→ INPUT DATA
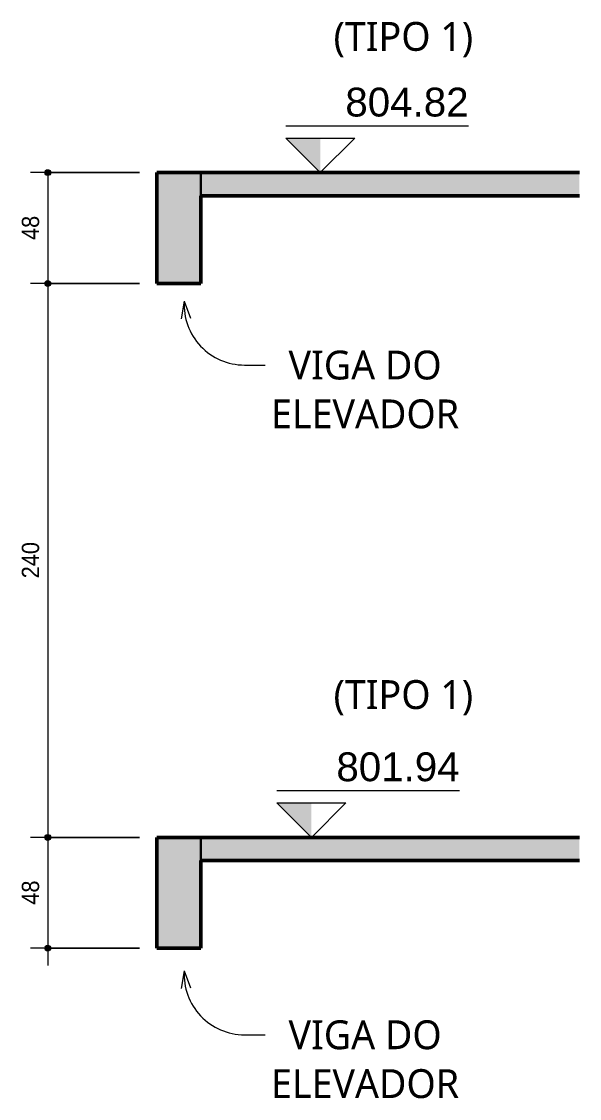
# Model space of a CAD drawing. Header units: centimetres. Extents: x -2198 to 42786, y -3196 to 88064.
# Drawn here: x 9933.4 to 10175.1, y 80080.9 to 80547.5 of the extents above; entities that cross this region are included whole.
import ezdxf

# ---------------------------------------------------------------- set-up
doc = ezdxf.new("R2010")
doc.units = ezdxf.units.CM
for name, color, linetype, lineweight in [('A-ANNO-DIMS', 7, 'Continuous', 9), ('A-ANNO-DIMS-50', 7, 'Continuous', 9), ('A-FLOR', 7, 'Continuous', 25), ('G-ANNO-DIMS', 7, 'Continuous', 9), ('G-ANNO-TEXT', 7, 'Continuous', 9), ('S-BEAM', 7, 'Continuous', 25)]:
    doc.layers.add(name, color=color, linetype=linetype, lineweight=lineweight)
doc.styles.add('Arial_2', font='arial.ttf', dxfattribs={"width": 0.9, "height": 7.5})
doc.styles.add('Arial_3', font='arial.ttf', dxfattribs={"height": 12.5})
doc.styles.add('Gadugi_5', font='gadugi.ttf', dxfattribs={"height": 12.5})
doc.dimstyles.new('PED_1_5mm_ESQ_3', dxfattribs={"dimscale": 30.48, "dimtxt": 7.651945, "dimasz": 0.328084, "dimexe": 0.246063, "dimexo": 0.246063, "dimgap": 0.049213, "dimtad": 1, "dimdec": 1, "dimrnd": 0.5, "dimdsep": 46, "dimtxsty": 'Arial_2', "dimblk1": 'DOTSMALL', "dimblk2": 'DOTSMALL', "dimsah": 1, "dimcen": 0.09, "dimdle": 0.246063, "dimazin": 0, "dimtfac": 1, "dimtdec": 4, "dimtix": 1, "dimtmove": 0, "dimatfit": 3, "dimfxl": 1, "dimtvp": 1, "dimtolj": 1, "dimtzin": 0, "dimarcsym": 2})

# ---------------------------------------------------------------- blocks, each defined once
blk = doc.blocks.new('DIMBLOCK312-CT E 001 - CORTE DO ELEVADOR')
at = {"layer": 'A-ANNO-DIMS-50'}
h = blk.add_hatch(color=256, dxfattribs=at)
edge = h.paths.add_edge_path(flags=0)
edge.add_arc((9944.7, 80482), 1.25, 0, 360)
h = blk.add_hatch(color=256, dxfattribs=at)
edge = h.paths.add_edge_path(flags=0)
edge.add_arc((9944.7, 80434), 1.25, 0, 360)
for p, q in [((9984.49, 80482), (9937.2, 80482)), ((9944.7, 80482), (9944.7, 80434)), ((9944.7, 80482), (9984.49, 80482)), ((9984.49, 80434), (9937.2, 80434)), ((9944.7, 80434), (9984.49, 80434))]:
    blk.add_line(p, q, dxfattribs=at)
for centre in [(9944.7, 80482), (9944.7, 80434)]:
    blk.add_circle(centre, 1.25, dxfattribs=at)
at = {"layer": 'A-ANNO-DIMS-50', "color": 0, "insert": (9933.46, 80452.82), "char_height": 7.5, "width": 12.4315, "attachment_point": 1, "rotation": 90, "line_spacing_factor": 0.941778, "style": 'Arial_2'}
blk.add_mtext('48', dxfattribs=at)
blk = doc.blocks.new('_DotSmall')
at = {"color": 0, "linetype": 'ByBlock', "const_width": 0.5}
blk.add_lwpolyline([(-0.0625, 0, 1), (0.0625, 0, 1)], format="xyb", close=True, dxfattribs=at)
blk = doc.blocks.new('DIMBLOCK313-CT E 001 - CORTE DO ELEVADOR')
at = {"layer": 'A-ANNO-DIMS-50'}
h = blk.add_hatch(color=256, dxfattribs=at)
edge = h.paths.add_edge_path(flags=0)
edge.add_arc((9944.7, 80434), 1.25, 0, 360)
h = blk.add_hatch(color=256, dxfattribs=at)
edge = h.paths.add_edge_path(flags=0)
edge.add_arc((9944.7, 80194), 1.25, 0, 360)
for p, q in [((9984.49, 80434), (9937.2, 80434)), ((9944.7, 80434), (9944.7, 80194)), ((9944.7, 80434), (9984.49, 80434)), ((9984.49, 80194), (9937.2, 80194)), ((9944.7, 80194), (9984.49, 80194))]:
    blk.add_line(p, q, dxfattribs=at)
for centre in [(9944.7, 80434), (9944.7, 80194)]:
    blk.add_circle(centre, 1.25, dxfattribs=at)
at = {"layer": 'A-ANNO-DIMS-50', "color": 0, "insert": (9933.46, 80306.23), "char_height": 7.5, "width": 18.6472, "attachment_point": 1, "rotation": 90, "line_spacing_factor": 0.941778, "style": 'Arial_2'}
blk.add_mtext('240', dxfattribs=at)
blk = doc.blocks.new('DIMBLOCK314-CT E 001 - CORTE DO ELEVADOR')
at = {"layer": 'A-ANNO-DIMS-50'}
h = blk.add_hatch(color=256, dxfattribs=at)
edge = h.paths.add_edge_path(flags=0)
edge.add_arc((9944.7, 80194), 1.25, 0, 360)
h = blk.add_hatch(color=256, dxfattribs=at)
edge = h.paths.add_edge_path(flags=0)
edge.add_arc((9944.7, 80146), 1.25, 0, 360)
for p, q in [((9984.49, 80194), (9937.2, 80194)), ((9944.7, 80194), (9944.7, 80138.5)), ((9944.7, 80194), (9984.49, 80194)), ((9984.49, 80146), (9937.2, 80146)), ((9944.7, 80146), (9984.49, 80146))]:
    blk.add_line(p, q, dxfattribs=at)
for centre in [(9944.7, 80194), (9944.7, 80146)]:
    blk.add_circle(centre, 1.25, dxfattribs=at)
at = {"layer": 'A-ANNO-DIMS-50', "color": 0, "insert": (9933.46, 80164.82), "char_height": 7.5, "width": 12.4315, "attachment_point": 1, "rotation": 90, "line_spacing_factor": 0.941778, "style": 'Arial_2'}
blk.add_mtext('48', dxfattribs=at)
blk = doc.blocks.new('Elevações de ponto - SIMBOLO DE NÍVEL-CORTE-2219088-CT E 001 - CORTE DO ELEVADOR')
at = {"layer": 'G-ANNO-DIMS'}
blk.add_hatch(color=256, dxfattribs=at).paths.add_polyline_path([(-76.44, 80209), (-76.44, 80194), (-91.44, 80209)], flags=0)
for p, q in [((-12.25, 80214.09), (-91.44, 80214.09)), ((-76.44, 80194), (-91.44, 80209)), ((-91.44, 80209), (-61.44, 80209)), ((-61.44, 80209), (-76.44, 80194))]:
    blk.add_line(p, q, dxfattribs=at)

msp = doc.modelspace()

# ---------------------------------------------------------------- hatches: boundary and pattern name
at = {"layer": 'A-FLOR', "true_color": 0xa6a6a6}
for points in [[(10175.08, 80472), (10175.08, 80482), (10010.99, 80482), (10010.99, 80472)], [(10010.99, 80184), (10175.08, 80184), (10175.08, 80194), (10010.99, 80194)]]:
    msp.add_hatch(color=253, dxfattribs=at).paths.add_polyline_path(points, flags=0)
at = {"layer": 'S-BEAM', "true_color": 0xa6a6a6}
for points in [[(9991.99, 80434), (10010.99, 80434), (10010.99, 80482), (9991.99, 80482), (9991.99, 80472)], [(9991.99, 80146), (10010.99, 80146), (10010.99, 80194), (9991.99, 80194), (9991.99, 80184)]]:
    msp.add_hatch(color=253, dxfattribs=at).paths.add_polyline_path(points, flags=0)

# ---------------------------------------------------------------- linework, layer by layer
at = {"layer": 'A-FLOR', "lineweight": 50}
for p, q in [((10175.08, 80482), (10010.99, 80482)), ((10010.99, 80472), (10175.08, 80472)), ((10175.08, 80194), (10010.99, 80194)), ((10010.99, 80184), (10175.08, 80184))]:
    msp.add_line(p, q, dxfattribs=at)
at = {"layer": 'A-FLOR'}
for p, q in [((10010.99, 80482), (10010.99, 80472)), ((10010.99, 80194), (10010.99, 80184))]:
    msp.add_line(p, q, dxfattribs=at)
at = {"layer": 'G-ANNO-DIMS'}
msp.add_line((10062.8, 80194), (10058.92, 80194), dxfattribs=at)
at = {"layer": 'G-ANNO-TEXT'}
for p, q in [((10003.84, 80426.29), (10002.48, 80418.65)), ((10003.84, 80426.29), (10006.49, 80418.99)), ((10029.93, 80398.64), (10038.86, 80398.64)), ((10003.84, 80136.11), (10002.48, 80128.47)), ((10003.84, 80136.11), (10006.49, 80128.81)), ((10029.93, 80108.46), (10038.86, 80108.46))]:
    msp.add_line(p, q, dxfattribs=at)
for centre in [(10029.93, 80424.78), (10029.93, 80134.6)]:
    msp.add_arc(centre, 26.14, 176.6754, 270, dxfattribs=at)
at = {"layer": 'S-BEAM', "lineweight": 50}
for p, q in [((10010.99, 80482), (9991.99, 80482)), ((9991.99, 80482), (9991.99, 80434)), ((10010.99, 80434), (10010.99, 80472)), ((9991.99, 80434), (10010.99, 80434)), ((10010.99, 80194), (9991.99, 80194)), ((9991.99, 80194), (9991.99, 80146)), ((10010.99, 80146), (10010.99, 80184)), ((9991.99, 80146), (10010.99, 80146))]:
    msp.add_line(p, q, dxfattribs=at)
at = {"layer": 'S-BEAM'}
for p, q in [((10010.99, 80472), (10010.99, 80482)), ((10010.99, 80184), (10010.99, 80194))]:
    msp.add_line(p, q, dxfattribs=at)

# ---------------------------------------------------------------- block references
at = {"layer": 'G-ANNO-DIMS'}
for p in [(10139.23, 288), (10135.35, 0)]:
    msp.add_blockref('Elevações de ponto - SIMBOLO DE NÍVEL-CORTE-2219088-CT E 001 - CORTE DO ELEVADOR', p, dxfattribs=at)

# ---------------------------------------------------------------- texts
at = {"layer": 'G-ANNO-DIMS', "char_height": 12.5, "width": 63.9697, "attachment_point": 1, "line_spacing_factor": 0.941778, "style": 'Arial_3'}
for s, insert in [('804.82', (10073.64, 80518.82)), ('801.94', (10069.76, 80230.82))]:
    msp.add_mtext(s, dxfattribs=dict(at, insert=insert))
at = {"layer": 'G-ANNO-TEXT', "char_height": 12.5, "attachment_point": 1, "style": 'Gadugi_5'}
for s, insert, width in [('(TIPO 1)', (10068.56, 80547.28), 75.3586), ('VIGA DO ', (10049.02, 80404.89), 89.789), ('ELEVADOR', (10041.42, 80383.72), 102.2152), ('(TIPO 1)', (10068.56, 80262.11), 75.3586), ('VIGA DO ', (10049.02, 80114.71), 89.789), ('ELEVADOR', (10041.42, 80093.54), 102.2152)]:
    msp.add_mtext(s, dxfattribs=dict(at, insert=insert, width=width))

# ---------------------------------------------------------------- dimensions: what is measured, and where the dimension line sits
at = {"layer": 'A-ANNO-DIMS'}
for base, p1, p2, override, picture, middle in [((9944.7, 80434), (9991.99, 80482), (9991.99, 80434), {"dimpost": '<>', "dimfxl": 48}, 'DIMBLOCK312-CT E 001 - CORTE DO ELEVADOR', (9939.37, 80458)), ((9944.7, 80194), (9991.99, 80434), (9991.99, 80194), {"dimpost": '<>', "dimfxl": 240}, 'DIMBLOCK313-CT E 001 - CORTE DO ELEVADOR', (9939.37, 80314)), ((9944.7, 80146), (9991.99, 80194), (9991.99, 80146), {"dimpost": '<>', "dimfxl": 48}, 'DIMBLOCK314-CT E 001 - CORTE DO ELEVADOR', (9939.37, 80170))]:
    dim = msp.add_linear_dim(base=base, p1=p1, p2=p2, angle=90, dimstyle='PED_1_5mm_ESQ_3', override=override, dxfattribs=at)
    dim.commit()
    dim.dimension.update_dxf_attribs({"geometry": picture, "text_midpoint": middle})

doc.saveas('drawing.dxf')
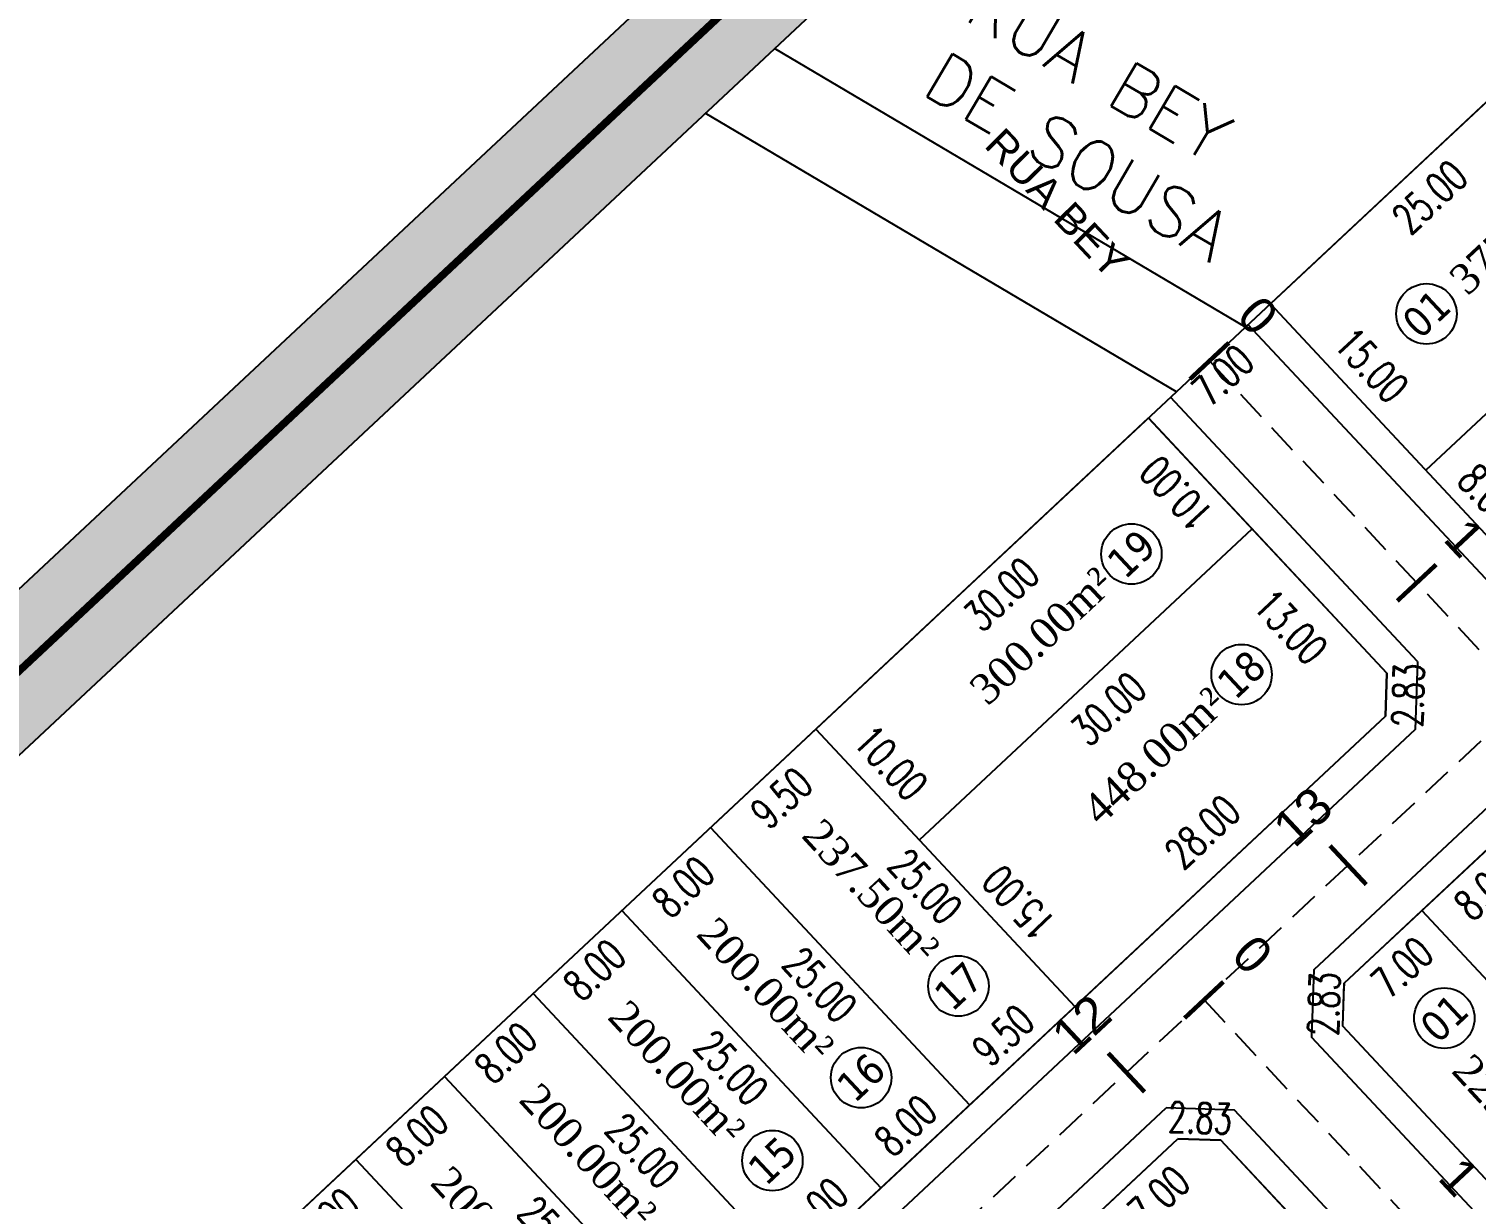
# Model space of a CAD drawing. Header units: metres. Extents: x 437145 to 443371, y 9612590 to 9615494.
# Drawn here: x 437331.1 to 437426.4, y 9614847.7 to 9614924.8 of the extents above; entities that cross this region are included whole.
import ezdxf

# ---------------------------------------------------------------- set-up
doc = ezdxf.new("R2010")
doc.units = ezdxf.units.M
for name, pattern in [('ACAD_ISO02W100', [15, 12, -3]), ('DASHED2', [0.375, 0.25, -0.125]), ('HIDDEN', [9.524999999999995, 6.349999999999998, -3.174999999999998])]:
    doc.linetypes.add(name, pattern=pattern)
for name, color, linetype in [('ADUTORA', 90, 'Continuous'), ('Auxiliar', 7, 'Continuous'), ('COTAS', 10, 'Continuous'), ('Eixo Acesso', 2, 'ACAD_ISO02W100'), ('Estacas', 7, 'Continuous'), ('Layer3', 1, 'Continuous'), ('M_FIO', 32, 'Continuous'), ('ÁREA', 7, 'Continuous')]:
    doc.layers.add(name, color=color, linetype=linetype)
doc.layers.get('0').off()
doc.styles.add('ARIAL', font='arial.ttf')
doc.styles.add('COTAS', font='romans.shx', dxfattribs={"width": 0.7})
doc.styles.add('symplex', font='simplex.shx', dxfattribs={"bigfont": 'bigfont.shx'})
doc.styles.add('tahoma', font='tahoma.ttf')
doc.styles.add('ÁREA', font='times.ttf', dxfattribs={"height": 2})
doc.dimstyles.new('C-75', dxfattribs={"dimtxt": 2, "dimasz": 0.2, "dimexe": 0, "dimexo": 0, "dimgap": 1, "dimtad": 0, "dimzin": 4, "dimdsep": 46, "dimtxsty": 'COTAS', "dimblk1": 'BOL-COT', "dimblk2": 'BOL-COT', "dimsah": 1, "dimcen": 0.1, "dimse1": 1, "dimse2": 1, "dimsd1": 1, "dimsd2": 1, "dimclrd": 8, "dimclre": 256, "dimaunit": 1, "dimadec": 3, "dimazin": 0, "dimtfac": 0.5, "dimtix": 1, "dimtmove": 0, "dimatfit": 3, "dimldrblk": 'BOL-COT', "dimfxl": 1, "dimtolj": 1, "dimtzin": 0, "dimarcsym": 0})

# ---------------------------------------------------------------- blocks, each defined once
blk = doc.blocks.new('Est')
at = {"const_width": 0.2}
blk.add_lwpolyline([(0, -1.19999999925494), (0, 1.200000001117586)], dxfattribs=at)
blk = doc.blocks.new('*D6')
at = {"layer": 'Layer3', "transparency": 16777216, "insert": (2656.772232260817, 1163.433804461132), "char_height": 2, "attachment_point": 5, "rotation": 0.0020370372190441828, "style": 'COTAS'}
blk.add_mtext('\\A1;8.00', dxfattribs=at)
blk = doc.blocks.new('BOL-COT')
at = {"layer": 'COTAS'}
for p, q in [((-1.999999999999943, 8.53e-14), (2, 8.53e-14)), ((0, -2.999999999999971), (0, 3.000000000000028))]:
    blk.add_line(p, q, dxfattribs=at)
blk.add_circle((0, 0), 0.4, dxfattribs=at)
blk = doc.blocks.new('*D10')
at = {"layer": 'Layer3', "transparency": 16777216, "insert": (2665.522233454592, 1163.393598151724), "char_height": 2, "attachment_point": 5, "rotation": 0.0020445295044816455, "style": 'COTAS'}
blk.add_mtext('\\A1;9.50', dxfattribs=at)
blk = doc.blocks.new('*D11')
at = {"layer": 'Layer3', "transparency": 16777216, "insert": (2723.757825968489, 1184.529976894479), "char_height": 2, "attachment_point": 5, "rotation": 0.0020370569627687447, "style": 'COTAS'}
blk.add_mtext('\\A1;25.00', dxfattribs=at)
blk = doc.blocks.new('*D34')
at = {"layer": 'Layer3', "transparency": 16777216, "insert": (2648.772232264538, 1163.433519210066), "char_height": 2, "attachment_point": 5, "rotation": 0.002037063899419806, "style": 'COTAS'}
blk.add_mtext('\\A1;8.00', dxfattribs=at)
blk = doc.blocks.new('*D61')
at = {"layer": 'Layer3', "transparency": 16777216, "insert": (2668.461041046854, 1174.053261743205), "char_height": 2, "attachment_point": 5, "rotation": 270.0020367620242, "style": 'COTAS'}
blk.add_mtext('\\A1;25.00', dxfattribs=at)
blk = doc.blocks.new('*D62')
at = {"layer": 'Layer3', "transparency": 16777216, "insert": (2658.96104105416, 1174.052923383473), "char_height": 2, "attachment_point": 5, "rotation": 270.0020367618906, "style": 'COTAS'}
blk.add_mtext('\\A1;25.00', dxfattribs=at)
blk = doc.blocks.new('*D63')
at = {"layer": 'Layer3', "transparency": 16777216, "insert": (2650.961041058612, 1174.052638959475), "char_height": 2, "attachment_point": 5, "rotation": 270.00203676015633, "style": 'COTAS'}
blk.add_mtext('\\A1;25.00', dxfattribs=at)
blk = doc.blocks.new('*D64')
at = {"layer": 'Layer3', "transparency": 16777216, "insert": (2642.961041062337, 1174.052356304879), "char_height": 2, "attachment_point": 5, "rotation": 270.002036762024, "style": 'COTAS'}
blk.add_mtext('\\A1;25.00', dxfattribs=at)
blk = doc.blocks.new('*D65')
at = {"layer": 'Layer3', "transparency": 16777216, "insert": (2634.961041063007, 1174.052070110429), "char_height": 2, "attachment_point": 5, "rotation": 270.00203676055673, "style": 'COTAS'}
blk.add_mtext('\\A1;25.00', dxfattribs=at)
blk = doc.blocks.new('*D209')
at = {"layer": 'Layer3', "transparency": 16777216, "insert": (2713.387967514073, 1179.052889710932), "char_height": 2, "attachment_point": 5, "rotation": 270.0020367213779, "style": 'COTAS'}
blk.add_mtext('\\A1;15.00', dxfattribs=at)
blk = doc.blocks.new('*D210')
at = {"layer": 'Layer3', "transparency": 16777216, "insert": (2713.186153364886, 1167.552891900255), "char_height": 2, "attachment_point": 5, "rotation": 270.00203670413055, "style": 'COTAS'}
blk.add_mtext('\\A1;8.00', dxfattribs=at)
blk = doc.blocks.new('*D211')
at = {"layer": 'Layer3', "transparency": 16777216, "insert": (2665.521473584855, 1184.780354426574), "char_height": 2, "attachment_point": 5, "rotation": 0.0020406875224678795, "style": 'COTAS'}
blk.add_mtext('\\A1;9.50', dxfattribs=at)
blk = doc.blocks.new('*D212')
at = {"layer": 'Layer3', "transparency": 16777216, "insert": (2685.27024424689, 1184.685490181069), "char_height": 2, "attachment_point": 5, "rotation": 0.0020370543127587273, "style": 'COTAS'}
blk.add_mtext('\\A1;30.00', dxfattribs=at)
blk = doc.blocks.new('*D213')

→ WORK TASK
Which lines in the data above contain "entities"? Show each one.

→ TASK RESPONSE
# Drawn here: x 9933.4 to 10175.1, y 80080.9 to 80547.5 of the extents above; entities that cross this region are included whole.
# Drawn here: x 437331.1 to 437426.4, y 9614847.7 to 9614924.8 of the extents above; entities that cross this region are included whole.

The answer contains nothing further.